Per quanto riguarda la costituzione della prima squadra del settore giovanile bisogna ringraziare Roberto Donadi, detto Robertino, il quale, seppur residente a Scorzè, ha sempre avuto simpatia per il nostro paese. Dopo la messa a disposizione, quale area sportiva dell’area sud della chiesa da parte del parroco don Massimiliano Minato, Roberto è stato l’organizzatore di una squadra di calcio giovanile che partecipava a vari tornei locali con la funzione di organizzatore e allenatore. (vedi foto allegata in cui sono presenti l’Assessore allo sport Adriano Fabris e il Consigliere comunale Nivardo Bortolato; non mi ricordo le funzioni, in quel contesto, di Pesce Giovanni, detto ciuin, che figura nella foto).
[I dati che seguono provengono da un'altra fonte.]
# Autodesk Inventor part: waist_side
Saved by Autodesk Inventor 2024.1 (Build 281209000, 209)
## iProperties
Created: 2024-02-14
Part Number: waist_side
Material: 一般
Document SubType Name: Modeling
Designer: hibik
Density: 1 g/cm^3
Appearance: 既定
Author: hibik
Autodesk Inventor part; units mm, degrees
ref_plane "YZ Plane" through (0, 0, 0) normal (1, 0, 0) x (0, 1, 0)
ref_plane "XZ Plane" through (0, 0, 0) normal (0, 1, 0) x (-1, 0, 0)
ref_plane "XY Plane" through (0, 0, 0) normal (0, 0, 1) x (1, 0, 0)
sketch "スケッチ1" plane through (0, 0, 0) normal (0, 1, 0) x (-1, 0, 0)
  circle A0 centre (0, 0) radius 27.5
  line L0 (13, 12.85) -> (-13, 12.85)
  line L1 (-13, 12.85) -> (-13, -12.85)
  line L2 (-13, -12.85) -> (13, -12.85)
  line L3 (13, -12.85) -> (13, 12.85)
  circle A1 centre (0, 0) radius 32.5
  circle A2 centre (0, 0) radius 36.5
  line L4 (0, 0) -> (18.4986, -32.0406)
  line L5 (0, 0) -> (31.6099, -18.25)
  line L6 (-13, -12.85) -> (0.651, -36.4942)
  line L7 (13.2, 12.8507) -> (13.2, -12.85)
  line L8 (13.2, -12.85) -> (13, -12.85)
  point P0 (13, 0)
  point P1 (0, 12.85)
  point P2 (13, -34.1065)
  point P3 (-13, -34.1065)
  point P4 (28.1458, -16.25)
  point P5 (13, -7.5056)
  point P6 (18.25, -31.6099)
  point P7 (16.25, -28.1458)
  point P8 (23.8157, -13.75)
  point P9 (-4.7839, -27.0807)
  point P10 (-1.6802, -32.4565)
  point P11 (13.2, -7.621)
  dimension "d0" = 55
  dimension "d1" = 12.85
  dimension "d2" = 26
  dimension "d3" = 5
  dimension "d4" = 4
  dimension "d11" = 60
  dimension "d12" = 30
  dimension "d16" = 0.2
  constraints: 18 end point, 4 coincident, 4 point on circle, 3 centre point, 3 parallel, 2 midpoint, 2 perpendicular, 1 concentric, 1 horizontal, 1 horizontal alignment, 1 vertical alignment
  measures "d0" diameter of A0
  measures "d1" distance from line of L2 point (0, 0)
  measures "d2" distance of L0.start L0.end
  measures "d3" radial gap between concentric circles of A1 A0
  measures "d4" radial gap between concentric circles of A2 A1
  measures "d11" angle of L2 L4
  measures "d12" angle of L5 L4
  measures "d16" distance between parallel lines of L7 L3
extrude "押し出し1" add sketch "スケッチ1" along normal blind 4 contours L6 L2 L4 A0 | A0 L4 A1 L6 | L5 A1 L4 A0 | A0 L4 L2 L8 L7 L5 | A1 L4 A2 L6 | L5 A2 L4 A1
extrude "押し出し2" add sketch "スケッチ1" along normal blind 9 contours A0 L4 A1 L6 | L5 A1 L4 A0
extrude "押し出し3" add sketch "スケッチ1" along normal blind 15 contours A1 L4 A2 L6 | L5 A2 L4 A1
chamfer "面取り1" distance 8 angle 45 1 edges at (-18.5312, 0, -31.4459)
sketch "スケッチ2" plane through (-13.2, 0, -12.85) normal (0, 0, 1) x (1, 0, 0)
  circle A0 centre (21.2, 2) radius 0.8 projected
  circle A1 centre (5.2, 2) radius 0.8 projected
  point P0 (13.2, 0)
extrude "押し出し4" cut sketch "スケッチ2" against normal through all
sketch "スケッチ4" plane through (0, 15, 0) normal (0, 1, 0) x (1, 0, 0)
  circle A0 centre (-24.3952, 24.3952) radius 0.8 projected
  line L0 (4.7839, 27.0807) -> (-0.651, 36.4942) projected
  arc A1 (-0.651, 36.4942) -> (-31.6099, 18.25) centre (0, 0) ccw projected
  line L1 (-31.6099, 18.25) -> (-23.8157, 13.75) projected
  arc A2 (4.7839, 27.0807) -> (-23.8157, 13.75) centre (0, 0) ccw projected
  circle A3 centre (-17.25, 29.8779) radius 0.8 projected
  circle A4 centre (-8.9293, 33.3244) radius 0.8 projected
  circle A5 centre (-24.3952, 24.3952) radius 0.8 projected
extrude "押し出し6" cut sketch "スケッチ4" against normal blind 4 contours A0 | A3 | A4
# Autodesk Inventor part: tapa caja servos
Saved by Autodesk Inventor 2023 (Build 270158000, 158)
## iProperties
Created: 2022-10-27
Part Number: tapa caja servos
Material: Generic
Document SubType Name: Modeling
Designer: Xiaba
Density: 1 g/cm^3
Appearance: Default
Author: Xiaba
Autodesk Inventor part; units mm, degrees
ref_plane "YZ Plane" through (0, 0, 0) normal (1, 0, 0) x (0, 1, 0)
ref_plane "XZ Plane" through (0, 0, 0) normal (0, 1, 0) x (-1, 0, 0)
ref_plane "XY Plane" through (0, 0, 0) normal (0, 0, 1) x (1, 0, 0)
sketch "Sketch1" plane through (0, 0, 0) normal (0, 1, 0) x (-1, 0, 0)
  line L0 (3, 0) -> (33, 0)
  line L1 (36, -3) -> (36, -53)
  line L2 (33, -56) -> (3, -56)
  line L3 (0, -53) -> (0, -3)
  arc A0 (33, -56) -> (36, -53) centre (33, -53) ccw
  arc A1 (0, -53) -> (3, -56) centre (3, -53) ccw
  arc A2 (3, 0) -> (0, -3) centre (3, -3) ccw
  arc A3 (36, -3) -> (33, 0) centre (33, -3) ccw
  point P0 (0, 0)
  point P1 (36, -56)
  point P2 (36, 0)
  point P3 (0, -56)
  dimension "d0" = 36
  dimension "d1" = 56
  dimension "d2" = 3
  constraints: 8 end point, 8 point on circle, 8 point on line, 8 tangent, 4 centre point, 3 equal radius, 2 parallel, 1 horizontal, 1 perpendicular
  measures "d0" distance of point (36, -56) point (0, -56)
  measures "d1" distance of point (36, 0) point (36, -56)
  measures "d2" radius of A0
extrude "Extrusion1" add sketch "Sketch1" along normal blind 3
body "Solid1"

A Roberto quindi va il merito di avere invogliato allo sport del calcio organizzato molti ragazzi ai quali si è dedicato finché non è stata costituita l’US Rio nel 1978.
Durante il suo percorso, la società ha visto susseguirsi diversi presidenti, che, con il loro contributo, hanno dimostrato quanto sia importante proseguire con questa attività calcistica e far crescere intere generazioni secondo sani principi che la società da sempre propone.
- 1978/1983: Pesce Pietro
- 1984: Gomiero Giancarlo
- 1985: Garoni Ennio
- 1986/1990: Michielan Lucio
- 1991/2004: Longato Lucio
- dal 2005: Michiealn Lucio
NOI NEL MONDO
La società si è poi riconosciuta per il suo impegno nel sostenere realtà ben diverse da noi, come l’Ucraina, verso cui ha inviato tutto il necessario affinché ragazzi, ragazze, bambini, anziani e adulti potessero avere quei beni primari che la guerra gli aveva privato. Da alcuni anni, inoltre, la società è presente anche in Senegal, dove molti ragazzi usufruiscono del nostro materiale, quali scarpe da calcio, e delle nostre maglie da calcio per divertirsi e scendere in campo, provando l’ebbrezza di giocare una partita di calcio (a testimonianza di questo abbiamo ricevuto degli speciali ringraziamenti da parte dei ragazzi, che ci hanno inviato delle loro foto). Grazie a dei volontari che viaggiano verso queste terre, riusciamo a fornire loro, oltre che ai materiali, anche la possibilità di vivere una giornata all’insegna del gioco con l’obiettivo di creare una realtà ben distante da quella che vivono ogni giorno.